Agli inizi degli anni 80, poco dopo l’avvio delle riforme, la Cina allora ancora potentemente comunista come ideologia lanciò un programma contro “l’inquinamento spirituale”. Era una risposta conservatrice contro la spinta riformatrice arrivata al Paese con il movimento del “Muro della democrazia” a Pechino (tra la fine degli anni 70 e l’inizio degli 80 ci fu un movimento che chiedeva l’avvio di riforme politiche democratiche. Il movimento del “Muro della democrazia” fu represso e si intraprese una riforma contro l’inquinamento spirituale). Cioè, in un momento estremamente critico del Paese, i dirigenti cinesi videro che il problema che affrontavano non era di natura materiale, l’economia o la struttura politica, ma di natura ideale: in che direzione avrebbe dovuto marciare la nazione, cosa c’era di giusto o sbagliato nelle aspettative della gente, potremmo dire oggi a 30 anni di distanza.

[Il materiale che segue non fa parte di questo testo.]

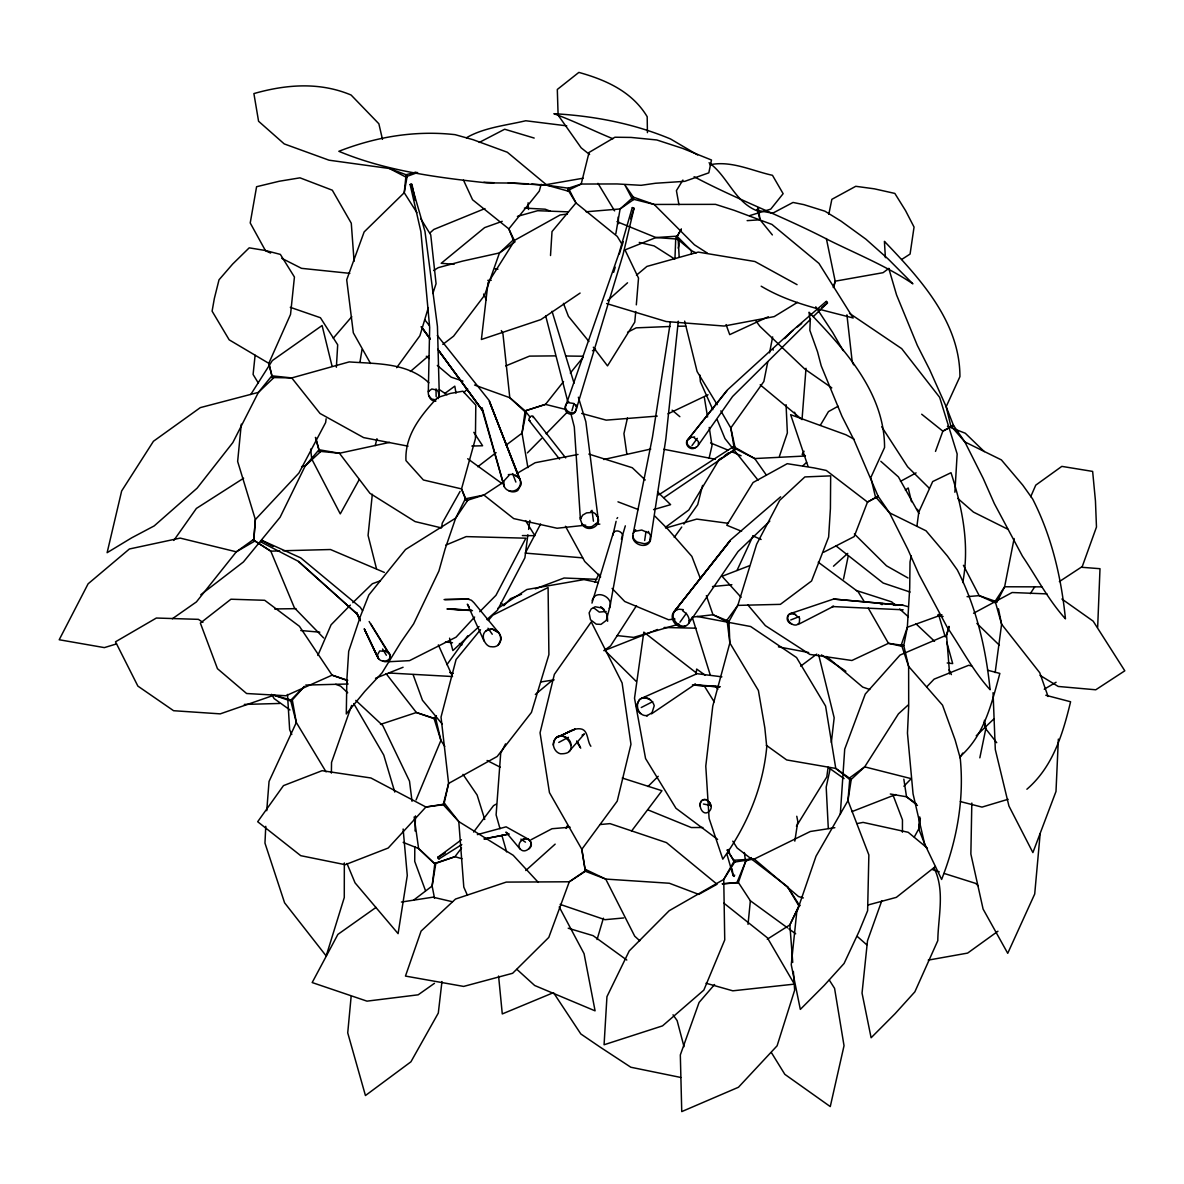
<?xml version="1.0" encoding="UTF-8"?>
<svg xmlns="http://www.w3.org/2000/svg" width="1184" height="1184" viewBox="0 0 1184 1184"><rect width="100%" height="100%" fill="white"/><g stroke="black" fill="none" stroke-linecap="round" stroke-linejoin="round"><path stroke-width="1.5" d="M414.8 846.619L414.726 861.404L425.47 890.575M902.43 832.234L902.46 819.861L892.988 794.982M344.337 862.944L344.278 897.531L326.192 955.962L284.589 902.815L264.964 843.112L265.764 826.328M331.387 773.122L331.535 762.422L351.604 705.442M438.095 398.668L439.294 394.894L437.444 326.473L424.982 231.442L411.322 184.171L410.123 184.497L420.868 231.561L429.674 327.435L428.312 391.889C427.824 396.211 431.035 401.642 435.816 401.228M439.264 396.98L438.243 391.726L436.008 388.944L436.141 396.596M1058.363 739.097L1055.995 791.46L1032.892 852.598L1008.946 806.038L995.3 749.516L993.065 692.684M700.084 806.008C699.492 792.94 716.631 803.004 709.497 811.099C701.89 818.736 695.245 800.251 705.102 799.289M415.066 830.99L415.466 815.909M553.224 745.017C557.605 719.68 586.213 754.711 560.402 753.764C553.638 752.151 550.234 741.406 557.176 737.188C564.931 735.086 571.724 727.982 580.16 728.826C588.507 729.492 586.924 741.184 590.86 746.246M885.395 257.653L884.418 241.358C919.968 278.477 959.928 321.796 959.928 376.645L946.179 406.689L951.018 426.847L953.475 425.382L946.179 406.689L929.632 369.63L917.319 345.402L896.569 294.964L888.814 268.531M674.954 258.6L675.724 238.724L681.274 229.119M1040.144 833.817L1034.712 893.994L1007.732 953.312L983.09 909.046L970.865 854.019L971.827 803.048M336.374 367.262L337.692 344.796L320.42 317.726L290.287 307.322M382.476 139.342L378.865 123.772L351.1 95.031C319.621 81.77 286.128 84.39 253.894 93.58L258.571 121.256L284.234 143.915L329.034 160.195L389.447 168.513L406.082 174.729L405.994 176.771L417.612 172.509M580.426 519.48L580.53 517.201L580.708 518.533L582.735 515.099L586.539 512.894L591.112 512.509L590.934 511.177L595.138 513.56L597.728 517.082A9.872 7.637 -4.3 0 1 597.284 522.647L592.178 526.466A8.392 6.497 -4.3 0 1 585.429 526.303L582.01 523.935L580.426 519.48L574.299 426.921L570.614 412.609M806.008 368.283L802.027 419.58L760.187 384.815M266.74 810.714L269.049 781.44L296.326 722.492L292.389 700.41L273.948 695.215L220.239 713.863L173.589 710.711L137.877 686.098L115.514 641.802L156.362 618.033L198.394 619.35L202.908 622.37M550.516 255.522L552.01 231.576L575.972 202.938L568.424 188.197L547.008 185.252L510.156 183.032L486.95 182.898C436.615 177.408 385.895 170.94 338.846 151.3C375.994 136.782 415.347 130.196 455.085 134.665L473.052 139.682L507.329 152.248L547.008 185.252L568.364 191.186L568.424 188.197L581.211 184.038L617.145 183.949L641.092 185.311L655.507 183.254L684.781 181.33L708.816 172.834L711.48 160.018L682.502 148.355L656.78 139.964L631.087 137.433L614.94 137.226L589.055 152.44L581.211 184.038L567.417 190.713L568.424 188.197L568.379 190.58L575.972 202.938L617.249 236.4L621.807 243.904M591.97 603.1L612.883 534.206C614.333 528.049 623.983 531.453 622.518 537.122L610.026 606.208L606.238 620.431L600.984 624.368L596.262 624.16L590.476 619.735L589.129 612.868L591.216 608.931L595.152 606.785L602.123 607.999L607.229 614.659L607.644 621.274M607.007 618.3L606.711 613.638M612.809 535.449L616.109 521.315M678.195 248.152C680.001 243.978 678.61 236.844 676.612 238.887M840.3 814.37L844.71 749.176L865.267 694.061L900.032 655.063L946.549 635.142L949.228 626.824M954.881 492.248L957.16 453.975L939.652 397.35L901.705 348.644L849.49 313.346M919.731 816.886L918.725 828.963L914.329 836.955M636.326 304.85L638.516 278.077L625.048 250.016M733.503 447.064L734.687 446.916L735.16 449.417L664.002 497.606M1097.672 627.209L1099.995 568.705L1081.984 567.299M635.734 311.51L634.772 322.137L607.51 365.886L593.317 347.223M351.115 996.691L347.726 1032.848L365.442 1095.54L410.922 1061.811L438.302 1013.06L441.958 981.536M696.148 674.318L696.651 669.034L705.368 675.354M748.036 924.378L750.36 900.787L737.795 881.577L738.091 882.702L722.329 883.871M405.905 176.52L404.232 192.711L416.931 212.691M241.284 424.138L237.644 461.449L255.359 519.554L253.702 541.28L255.359 519.554L298.901 473.067L325.63 422.57L326.133 418.781M678.284 321.204L665.867 438.79L650.8 538.01C650.06 551.152 629.222 544.966 633.218 533.436L652.473 437.059L670.381 322.033M372.324 494.276L368.076 535.405L376.453 568.586M441.691 527.605L442.224 523.18L460.073 491.419M831.346 742.472L834.172 717.77L818.647 654.752M255.108 355.259L253.095 374.484L258.378 383.113M916.89 526.303L918.814 512.021L932.696 481.548L951.004 472.712C962.518 508.247 969.829 545.291 962.755 582.513M828.134 767.173L826.772 776.985L796.418 826.225M474.562 385.037L509.801 397.706L525.148 410.878L522.026 433.166L527.901 467.636M527.857 534.813L524.897 557.812L497.398 610.278L486.905 619.558M528.612 529.411L529.87 520.442M644.658 540.526L646.005 531.453M794.819 841.143L797.824 821.504L796.773 816.264M920.368 818.366L918.725 828.963L925.873 847.004M359.98 362.097L361.993 349.68M1014.126 538.528L1004.624 586.776L997.032 601.857L994.604 602.108L1004.624 586.776L1041.772 586.864M995.167 672.571L1001.605 624.22L998.438 608.739M615.828 233.81L620.105 208.961L633.322 197.106L654.16 204.447L715.521 204.358L734.095 210.308L771.938 224.427L818.958 263.41L853.161 317.993C821.459 309.631 789.639 303.252 761.179 286.202M772.649 336.892L769.541 352.876M767.78 361.801L763.858 381.5L730.794 427.957L734.08 447.493M843.526 578.991L848.218 556.006M979.834 757.834L985.784 728.856L984.407 720.331M830.428 767.676L826.195 787.108L828.297 828.474M828.815 214.245L831.849 199.341L855.751 186.302L874.384 188.833L894.838 193.421L905.553 210.634L914.048 227.076L910.082 254.057L901.69 259.459M821.711 307.529L827.438 302.971L826.388 301.387L827.453 302.956L813.216 316.69M911.31 555.947L910.022 561.882L909.712 588.108L907.344 627.239L903.747 645.532L908.631 666.4L908.69 706.315L907.462 733.133L913.056 793.857L924.6 843.881L941.62 879.446C956.835 840.64 964.368 799.703 960.224 758.071L955.118 739.926L942.538 705.176L908.631 666.4L901.527 645.073L903.747 645.532L901.66 646.227L888.459 643.326L851.903 660.494L809.886 654.426L765.367 625.64L747.859 604.92M834.024 286.454L835.179 281.185L826.358 238.546M627.446 417.952L623.938 433.61L626.78 453.62M709.112 458.119L712.013 445.672L709.231 427.409M375.224 445.569L376.971 438.702M625.33 525.844L621.393 539.238M702.571 485.41L697.702 504.65L683.864 524.098M428.312 391.889L428.712 390.335L428.741 391.282L431.805 388.988L436.038 389.891M541.192 184.245L539.297 191.098L508.839 228.897L514.196 242.32M948.976 626.366L946.549 635.142L949.612 673.977M632.256 207.6L619.143 252.962L565.804 405.624C562.252 412.95 573.87 418.352 576.06 409.945L623.036 254.604L634.032 208.325L632.389 207.57L633.988 208.34L630.643 218.833M571.872 410.818L573.9 403.892M603.396 918.192L597.062 939.534M833.255 287.534L835.179 281.185L883.042 272.69L888.858 268.428M428.327 307.633L419.906 335.738L396.64 367.691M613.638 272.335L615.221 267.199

La prognosi, la chiusura all’Occidente che rappresentava il nuovo, era errata, come del resto venne provato dalla storia; ma la diagnosi era giusta. Era giusto vedere che il problema profondo del Paese era di natura ideale, non di altro. Gli ideologici, materialisti comunisti cinesi, emersi da decenni di guerra civile e asperrime lotte intestine nel partito, riconobbero questo in una congiuntura profondamente critica della Cina. Lo stesso dovrebbero fare gli italiani oggi.



Il richiamo fatto all’Italia da Giorgio Vittadini, prima in occasione dell’apertura del Meeting di Rimini, e poi alla sua conclusione, è di questa natura. Vittadini con un gesto della mano ha messo da parte le mille polemiche e divisioni sulla riforma elettorale, la crisi economica, le guerre fratricide tra destra e sinistra, gli impazzimenti intorno o contro Berlusconi e ha chiesto, all’inizio del Meeting, che il premier Enrico Letta parlando dell’Europa, etc. parlasse, in  realtà, dell’uomo. Lo stesso ha fatto ieri, mentre impazza il rebus sulle sorti di Berlusconi e quindi del governo, richiamando i politici a evitare le estremizzazioni, e mettere gli interessi di parte dopo il bene comune. Questa è in effetti la centralità della crisi del Paese, e da qui c’è l’inizio della soluzione.



Visto da molto lontano il Meeting dei cattolici di Cl, assai più che sollevare domande su quale sia la lobby prevalente, appare come una tradizione insieme di interesse politico e di visione che trascende le tante questioni pratiche. In questo caso esso rappresenta quindi la piattaforma forse più adatta per cominciare a pensare ai problemi italiani, oltre le tante contingenze spesso contraddittorie. Viste dalla Cina infatti le questioni italiane sono così intricate e piene di nodi da essere impossibili da districare. Ma pensare alle questioni singole dimenticando gli uomini che le hanno create e che in tali questioni vivono diventa non semplicemente sbagliato, ma fittizio, una maschera, una finzione della realtà.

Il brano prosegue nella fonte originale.